# Jon Jones, Daniel Cormier dust up



## Buka (Aug 7, 2014)

I've been waiting for this fight. It might be fight of the year. I think either guy has the same chance of winning. They had a little dust up.

Jon Jones, Daniel Cormier say they regret brawl at UFC 178 publicity stop - ESPN


----------



## Brian R. VanCise (Aug 7, 2014)

Like you I think this has the potential to be a great fight.  I do however feel that the dust up is all just an act to sell the fight.  Nothing more, nothing less!


----------



## Buka (Aug 7, 2014)

I thought so at first, but watching their interview later - I don't think so. Seems like a serious dislike of each other. Going to be an interesting fight, that's for sure.


----------



## Stickgrappler (Aug 7, 2014)

I think there is genuine mutual hatred but somehow think it was staged.

Agreed this will be an epic fight. I think if DC can close the gap on JBJ's 84" reach, JBJ will be thrown ... don't recall if JBJ ever fought an Olympian wrestler

I like both fighters (I like making GIFs and their fights provide great highlights/GIF-worthiness - LOL at me) but rooting for DC

HOWEVER

I really want to see JBJ X Gus II !!!!

although DC X Gus should be an epic fight also!


----------



## Kaan (Aug 11, 2014)

Yeah can't wait for this, it could go either way.


----------



## Buka (Sep 24, 2014)

Uh oh. Gonna' cost these guys.  Good! 
Expensive way to learn a lesson. Jones already lost a contract with Nike over this. These guys need to act more like gentlemen. (Still love them as fighters, though.)

Jon 'Bones' Jones, Daniel Cormier fined for news conference brawl - ESPN


----------



## CNida (Dec 17, 2014)

Brian R. VanCise said:


> Like you I think this has the potential to be a great fight.  I do however feel that the dust up is all just an act to sell the fight.  Nothing more, nothing less!



Who do you think takes this one, Brian?

I can honestly say, that though you can't help but respect Jon Jones' accomplishments, I kinda find everything Cormier says about him to ring true. 

That said, I think Jones will take this one. I've just been proven wrong too many times to expect otherwise. I thought Rampage would test Jones on the feet but it didn't happen. I thought Rashad would smack him up a bit but I was wrong. I thought he would destroy Gustaffson - and he nearly lost to the Swede.

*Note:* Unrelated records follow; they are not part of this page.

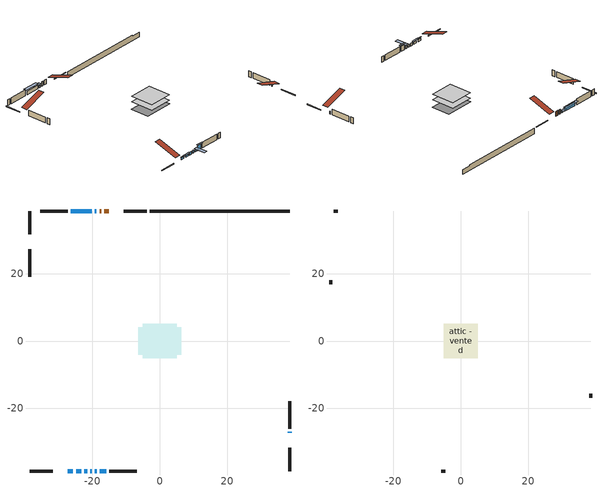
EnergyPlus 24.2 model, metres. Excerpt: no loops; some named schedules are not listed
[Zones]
conditioned space
 floor adiabatic (AdiabaticFloorConstruction): -5.05,-5.05 -5.05,5.05 5.05,5.05 5.05,-5.05 z0.77
 floor foundation (Slab1 construction): -6.32,-4.04 -6.32,4.04 6.32,4.04 6.32,-4.04 z-1.62
 wall outside (RimJoist1 construction): -3.86,38.52 -10.7,38.52 / -38.52,-38.52 -31.69,-38.52 / -38.52,38.52 -38.52,31.69 / 38.52,-38.52 38.52,-31.69 z0.77:1.07
 wall outside (AdiabaticWallConstruction 1): -15.16,38.52 -16.37,38.52 / -17.3,38.52 -17.83,38.52 z0.77:2.8
 wall outside (AdiabaticWallConstruction): -18.76,38.52 -19.3,38.52 z0.77:1.69; -27.23,-38.52 -25.71,-38.52 / -24.78,-38.52 -23.26,-38.52 z0.77:1.58; 38.52,-27.23 38.52,-26.95 / -22.33,-38.52 -21.47,-38.52 / -20.54,-38.52 -20.14,-38.52 / -19.21,-38.52 -18.68,-38.52 z0.77:1.99; -17.75,-38.52 -15.92,-38.52 z0.77:2.9; -20.22,38.52 -26.32,38.52 z0.77:2.29
 wall outside (Wall1 construction): -27.25,38.52 -35.49,38.52 / -14.99,-38.52 -6.76,-38.52 / -38.52,27.23 -38.52,19 / 38.52,-26.02 38.52,-17.78 z0.77:3.21
 wall foundation (FoundationWall1 construction): -2.94,38.52,-1.62 -2.94,38.52,0.77 34.38,38.52,0.77 34.38,38.52,0.43 38.52,38.52,0.43 38.52,38.52,-1.62
 window (WindowConstruction 4): -18.76,38.52 -19.29,38.52 z0.77:1.68
 window (WindowConstruction 2): -27.23,-38.52 -25.71,-38.52 z0.77:1.58
 window (WindowConstruction 3): -24.78,-38.52 -23.26,-38.52 z0.77:1.58
 window (WindowConstruction 7): 38.52,-27.23 38.52,-26.95 z0.77:1.99
 window (WindowConstruction 8): -22.33,-38.52 -21.47,-38.52 z0.77:1.99
 window (WindowConstruction 5): -20.54,-38.52 -20.14,-38.52 z0.77:1.99
 window (WindowConstruction 6): -19.21,-38.52 -18.68,-38.52 z0.77:1.99
 window (WindowConstruction): -17.75,-38.52 -15.92,-38.52 z0.77:2.9
 window (WindowConstruction 1): -20.22,38.52 -26.32,38.52 z0.77:2.29
 door (Door): -15.16,38.52 -16.37,38.52 z0.77:2.8
 door (Door 1): -17.3,38.52 -17.83,38.52 z0.77:2.8
 ceiling adiabatic (AdiabaticFloorConstruction): 5.05,-5.05 5.05,5.05 -5.05,5.05 -5.05,-5.05 z0.77
attic - vented
 floor to conditioned space (Floor1 construction Reversed): -5.05,-5.05 -5.05,5.05 5.05,5.05 5.05,-5.05 z3.21
 wall outside (Wall2 construction): -36.42,38.52 -37.6,38.52 / -5.83,-38.52 -4.65,-38.52 / -38.52,18.07 -38.52,16.89 / 38.52,-16.85 38.52,-15.67 z0.77:3.21
 roof outside (Roof1 construction): -14.23,38.52,3.21 -14.23,28.68,6.49 -11.63,28.68,6.49 -11.63,38.52,3.21; -28.16,-38.52,3.21 -28.16,-28.68,6.49 -30.76,-28.68,6.49 -30.76,-38.52,3.21; -38.52,28.16,3.21 -28.68,28.16,6.49 -28.68,30.76,6.49 -38.52,30.76,3.21; 38.52,-28.16,3.21 28.68,-28.16,6.49 28.68,-30.76,6.49 38.52,-30.76,3.21
shading: -19.75,38.52 -18.3,38.52 -18.3,39.74 -19.75,39.74 z2.14; -25.25,-38.52 -27.69,-38.52 -27.69,-38.99 -25.25,-38.99 z2.04; -22.8,-38.52 -25.24,-38.52 -25.24,-38.99 -22.8,-38.99 z2.04; -18.22,-38.52 -19.67,-38.52 -19.67,-43.4 -18.22,-43.4 z2.45; -15.46,-38.52 -18.21,-38.52 -18.21,-38.99 -15.46,-38.99 z3.36; -26.78,38.52 -19.76,38.52 -19.76,39.74 -26.78,39.74 z2.75
[Building]
Building 1: Terrain=Suburbs
[Site:Location]
Quebec Intl AP_QC: Latitude {deg}=46.8; Longitude {deg}=-71.38; Time Zone {hr}=-5; Elevation {m}=74; Keep Site Location Information=Yes
[Site:GroundTemperature:Shallow]
0.0108218, -2.24938, -2.43038, -1.3578, 2.94801, 7.23376, 10.9493, 13.303, 13.5029, 11.5886, 7.96783, 3.81355
[Site:WaterMainsTemperature]
Calculation Method=Schedule; Temperature Schedule=mains temperature schedule
[Material] Roughness=Rough; Thermal Absorptance=0.9
Name | Thickness {m} | Conductivity {W/m-K} | Density {kg/m3} | Specific Heat {J/kg-K} | Solar Absorptance | Visible Absorptance
asphalt or fiberglass shingles | 0.00635 | 0.162714 | 1121.4 | 1465.45 | 0.4 | 0.4
ceiling loosefill ins | 0.254 | 0.0480833 | 16.02 | 1046.75 | 0.7 | 0.7
ceiling stud and cavity | 0.1397 | 0.0858628 | 65.682 | 1177.47 | 0.7 | 0.7
concrete 4.0 in. | 0.1016 | 1.803125 | 2242.8 | 837.4 | 0.7 | 0.7
concrete 8.0 in. | 0.2032 | 1.803125 | 2242.8 | 837.4 | 0.7 | 0.7
door material | 0.04445 | 0.188738 | 512.64 | 1214.23 | 0.7 | 0.7
door material 1 | 0.04445 | 0.0451087 | 512.64 | 1214.23 | 0.7 | 0.7
exterior vertical ins | 0.0369022 | 0.029427 | 32.04 | 1214.23 | 0.7 | 0.7
floor covering | 0.0127 | 0.0433444 | 54.468 | 1339.84 | 0.6 | 0.6
floor rigid ins; wall rigid ins | 0.512978 | 0.029427 | 32.04 | 1214.23 | 0.7 | 0.7
floor stud and cavity | 0.1397 | 1.75129 | 37.0049 | 1207.88 | 0.7 | 0.7
furniture material conditioned space 1 | 0.1524 | 0.115458 | 640.8 | 1214.23 | 0.6 | 0.6
gypsum board | 0.0127 | 0.160291 | 801 | 837.4 | 0.6 | 0.6
gypsum board 1 | 0.0127 | 0.160291 | 801 | 837.4 | 0.7 | 0.7
osb sheathing 0.5 in. | 0.0127 | 0.115458 | 512.64 | 1214.23 | 0.7 | 0.7
osb sheathing 0.75 in. | 0.01905 | 0.115458 | 512.64 | 1214.23 | 0.7 | 0.7
osb sheathing 2.0 in. | 0.0508 | 0.115458 | 512.64 | 1214.23 | 0.7 | 0.7
rim joist rigid ins | 0.051816 | 0.029427 | 32.04 | 1214.23 | 0.7 | 0.7
rim joist stud and cavity | 0.0508 | 0.0344445 | 125.044 | 1163.47 | 0.6 | 0.6
wall stud and cavity | 0.1397 | 0.0738717 | 139.0536 | 1170.24 | 0.7 | 0.7
wall stud and cavity 1 | 0.0889 | 6.1454 | 50.32683 | 1063.81 | 0.6 | 0.6
wall stud and cavity 2 | 0.0889 | 0.380278 | 52.3479 | 1209.89 | 0.7 | 0.7
wall stud and cavity 3 | 0.0889 | 0.391764 | 83.0341 | 1211.67 | 0.7 | 0.7
wood siding | 0.0254 | 0.102417 | 544.68 | 1172.36 | 0.4 | 0.4
wood siding 1 | 0.00254 | 0.102417 | 544.68 | 1172.36 | 0.4 | 0.4
wood siding 2; wood siding 3; wood siding 4 | 0.0254 | 0.102417 | 544.68 | 1172.36 | 0.7 | 0.7
[WindowMaterial:SimpleGlazingSystem]
Name | U-Factor {W/m2-K} | Solar Heat Gain Coefficient
WindowMaterial | 2.035563 | 0.54
WindowMaterial 1 | 2.91111 | 0.68
WindowMaterial 2 | 1.63299 | 0.32
WindowMaterial 3 | 1.52681 | 0.35
WindowMaterial 4 | 6.779532 | 0.73
WindowMaterial 5 | 6.73808 | 0.74
WindowMaterial 6 | 1.78346 | 0.27
[Construction]
AdiabaticFloorConstruction: floor stud and cavity, floor rigid ins, osb sheathing 0.75 in., floor covering
AdiabaticWallConstruction: wood siding 3, wall rigid ins, wall stud and cavity 2, gypsum board
AdiabaticWallConstruction 1: wood siding 4, wall rigid ins, wall stud and cavity 2, gypsum board
Door: door material
Door 1: door material 1
Floor1 construction Reversed: gypsum board, ceiling stud and cavity, ceiling loosefill ins
FoundationWall1 construction: concrete 8.0 in., gypsum board 1
furniture construction conditioned space 1: furniture material conditioned space 1
PartitionWallConstruction: gypsum board, wall stud and cavity 3, gypsum board
RimJoist1 construction: wood siding 2, rim joist rigid ins, osb sheathing 2.0 in., rim joist stud and cavity
Roof1 construction: asphalt or fiberglass shingles
Slab1 construction: concrete 4.0 in.
Wall1 construction: wood siding, osb sheathing 0.5 in., wall stud and cavity, gypsum board
Wall2 construction: wood siding 1, wall stud and cavity 1
WindowConstruction: WindowMaterial
WindowConstruction 1: WindowMaterial 1
WindowConstruction 2: WindowMaterial 2
WindowConstruction 3: WindowMaterial 3
WindowConstruction 4; WindowConstruction 5: WindowMaterial 4
WindowConstruction 6: WindowMaterial 5
WindowConstruction 7; WindowConstruction 8: WindowMaterial 6
[Zone] Multiplier=1; Part of Total Floor Area=Yes
Name | Volume {m3}
attic - vented | 54.4454
conditioned space | 516.6
[Space]
Name | Zone | Volume {m3}
attic - vented 1 | attic - vented | 54.4454
conditioned space 1 | conditioned space | 516.6
[ZoneInfiltration:EffectiveLeakageArea]
infil attic - vented 1: Zone or Space=attic - vented 1; Schedule=Always On Discrete; Effective Air Leakage Area {cm2}=3773.17; Stack Coefficient=0.000397789; Wind Coefficient=1.34756e-05
[ZoneMixing]
whole house fan mix: Zone or Space=attic - vented; Schedule=Always On Continuous; Design Flow Rate Calculation Method=Flow/Zone; Design Flow Rate {m3/s}=0; Source Zone or Space=conditioned space
[SurfaceProperty:ExposedFoundationPerimeter]
Slab1: Exposed Perimeter Calculation Method=TotalExposedPerimeter; Total Exposed Perimeter {m}=41.46
[InternalMass] Zone or ZoneList=conditioned space; Space or SpaceList=conditioned space 1
Name | Construction | Surface Area {m2}
furniture mass conditioned space 1 | furniture construction conditioned space 1 | 81.7647
partition wall mass | PartitionWallConstruction | 204.412
[Lights]
interior lighting: Zone or ZoneList or Space or SpaceList=conditioned space 1; Schedule=interior lighting schedule; Design Level Calculation Method=LightingLevel; Lighting Level {W}=343.2; Return Air Fraction=0; Fraction Radiant=0.6; Fraction Visible=0.2; Fraction Replaceable=1
[People]
occupants: Zone or ZoneList or Space or SpaceList=conditioned space 1; Number of People Schedule=occupants schedule; Number of People Calculation Method=People; Number of People=3; Fraction Radiant=0.314171; Sensible Heat Fraction=0.56303; Activity Level Schedule=occupants activity schedule; Carbon Dioxide Generation Rate {m3/s-W}=0; Enable ASHRAE 55 Comfort Warnings=No; Mean Radiant Temperature Calculation Type=EnclosureAveraged
[ElectricEquipment] Zone or ZoneList or Space or SpaceList=conditioned space 1; Design Level Calculation Method=EquipmentLevel
Name | Schedule | Design Level {W} | Fraction Latent | Fraction Radiant | Fraction Lost
clothes dryer | clothes dryer schedule | 140.772 | 0.015 | 0.081 | 0.85
clothes washer | clothes washer schedule | 32.1985 | 0.03 | 0.162 | 0.7
cooking range | cooking range schedule | 215.147 | 0.08 | 0.432 | 0.2
dishwasher | dishwasher schedule | 66.8632 | 0.3 | 0.18 | 0.4
fridge | fridge schedule | 72.9452 | 0 | 0.6 | 0
mech vent bath fan 0 | mech vent bath fan 0 schedule | 50.2 | 0 | 0 | 1
mech vent bath fan 1 | mech vent bath fan 1 schedule | 50.2 | 0 | 0 | 1
mech vent house fan | mech vent house fan schedule | 0 | 0 | 0 | 1
mech vent house fan cfis | mech vent house fan cfis schedule | 0 | 0 | 0 | 0
mech vent range fan 0 | mech vent range fan 0 schedule | 57 | 0 | 0 | 1
misc plug loads | misc plug loads schedule | 494.7 | 0.045 | 0.513 | 0.1
whole house fan | Always On Discrete | 0 | 0 | 0 | 1
[OtherEquipment] Zone or ZoneList or Space or SpaceList=conditioned space 1; Design Level Calculation Method=EquipmentLevel
Name | Fuel Type | Schedule | Design Level {W} | Fraction Latent | Fraction Radiant | Fraction Lost
clothes dryer 1 | Electricity | clothes dryer schedule | 0 | 0.015 | 0.081 | 0.85
cooking range 1 | Electricity | cooking range schedule | 0 | 0.08 | 0.432 | 0.2
general water use latent | None | general water use schedule | 62.594 | 1 | 0 | 0
general water use sensible | None | general water use schedule | -61.6891 | 0 | 0.6 | 0
mech vent house fan latent load | None | Always On Discrete | 0 | 1 | 0 | 0
mech vent house fan sensible load | None | Always On Discrete | 0 | 0 | 0 | 0
water heater energy adjustment1 | Electricity | Always On Discrete | 0.01 | 0 | 0 | 1
[ZoneInfiltration:DesignFlowRate] Zone or ZoneList or Space or SpaceList=conditioned space 1; Schedule=Always On Discrete; Design Flow Rate Calculation Method=Flow/Zone; Design Flow Rate {m3/s}=0
infil flow; natural vent flow; whole house fan flow
[ZoneControl:Thermostat]
conditioned space Thermostat: Zone or ZoneList=conditioned space; Control Type Schedule=conditioned space Thermostat Schedule; Control 1=conditioned space temperature setpoint; Temperature Difference Between Cutout And Setpoint {deltaC}=0
[ZoneHVAC:Baseboard:Convective:Electric]
electric baseboard: Availability Schedule=Always On Discrete; Heating Design Capacity {W}=9503.42; Efficiency=1
[AirLoopHVAC:UnitarySystem]
unit heater unitary system: Control Type=Load; Controlling Zone or Thermostat Location=conditioned space; Dehumidification Control Type=None; Availability Schedule=Always On Discrete; Supply Fan=unit heater supply fan; Fan Placement=BlowThrough; Supply Air Fan Operating Mode Schedule=unit heater auto fan schedule; Heating Coil=unit heater htg coil; DX Heating Coil Sizing Ratio=1; Use DOAS DX Cooling Coil=No; Minimum Supply Air Temperature {C}=2; Latent Load Control=SensibleOnlyLoadControl; Cooling Supply Air Flow Rate Method=None; Heating Supply Air Flow Rate Method=SupplyAirFlowRate; Heating Supply Air Flow Rate {m3/s}=0.00141584; No Load Supply Air Flow Rate Method=SupplyAirFlowRate; No Load Supply Air Flow Rate {m3/s}=0; No Load Supply Air Flow Rate Control Set To Low Speed=Yes; Maximum Supply Air Temperature {C}=48.8889; Maximum Outdoor Dry-Bulb Temperature for Supplemental Heater Operation {C}=21; Ancillary On-Cycle Electric Power {W}=0; Ancillary Off-Cycle Electric Power {W}=0
[Fan:SystemModel]
unit heater supply fan: Availability Schedule=Always On Discrete; Design Maximum Air Flow Rate {m3/s}=0.00141584; Speed Control Method=Discrete; Electric Power Minimum Flow Rate Fraction=0.2; Design Pressure Rise {Pa}=500; Motor Efficiency=1; Motor In Air Stream Fraction=1; Design Electric Power Consumption {W}=Autosize; Design Power Sizing Method=PowerPerFlow; Electric Power Per Unit Flow Rate {W/(m3/s)}=1e-06; Electric Power Per Unit Flow Rate Per Unit Pressure {W/((m3/s)-Pa)}=1.66667; Fan Total Efficiency=0.7; Motor Loss Radiative Fraction=0; Number of Speeds=1; Speed Flow Fraction 1=1; Speed Electric Power Fraction 1=1
[Coil:Heating:Fuel]
unit heater htg coil: Availability Schedule=Always On Discrete; Fuel Type=OtherFuel1; Burner Efficiency=0.3; Nominal Capacity {W}=0.293071; On Cycle Parasitic Electric Load {W}=0; Off Cycle Parasitic Fuel Load {W}=0
[Zone equipment]
conditioned space: electric baseboard, unit heater unitary system
[Foundation:Kiva]
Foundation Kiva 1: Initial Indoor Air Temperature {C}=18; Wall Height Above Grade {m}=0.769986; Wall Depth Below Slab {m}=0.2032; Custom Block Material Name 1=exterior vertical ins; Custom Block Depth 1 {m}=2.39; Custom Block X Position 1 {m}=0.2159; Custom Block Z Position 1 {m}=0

I'd like to see my theory proven, though. I think Jones is able to do what he does thanks to pure athleticism. Not saying there isn't some technique there, but I think a lot of his greatness can be attributed to youth and his body style. I always said his only defensive ability was to stick his hands up and backpedal and rely on his really long reach to keep opponents from touching him, and that's been proven right numerous times.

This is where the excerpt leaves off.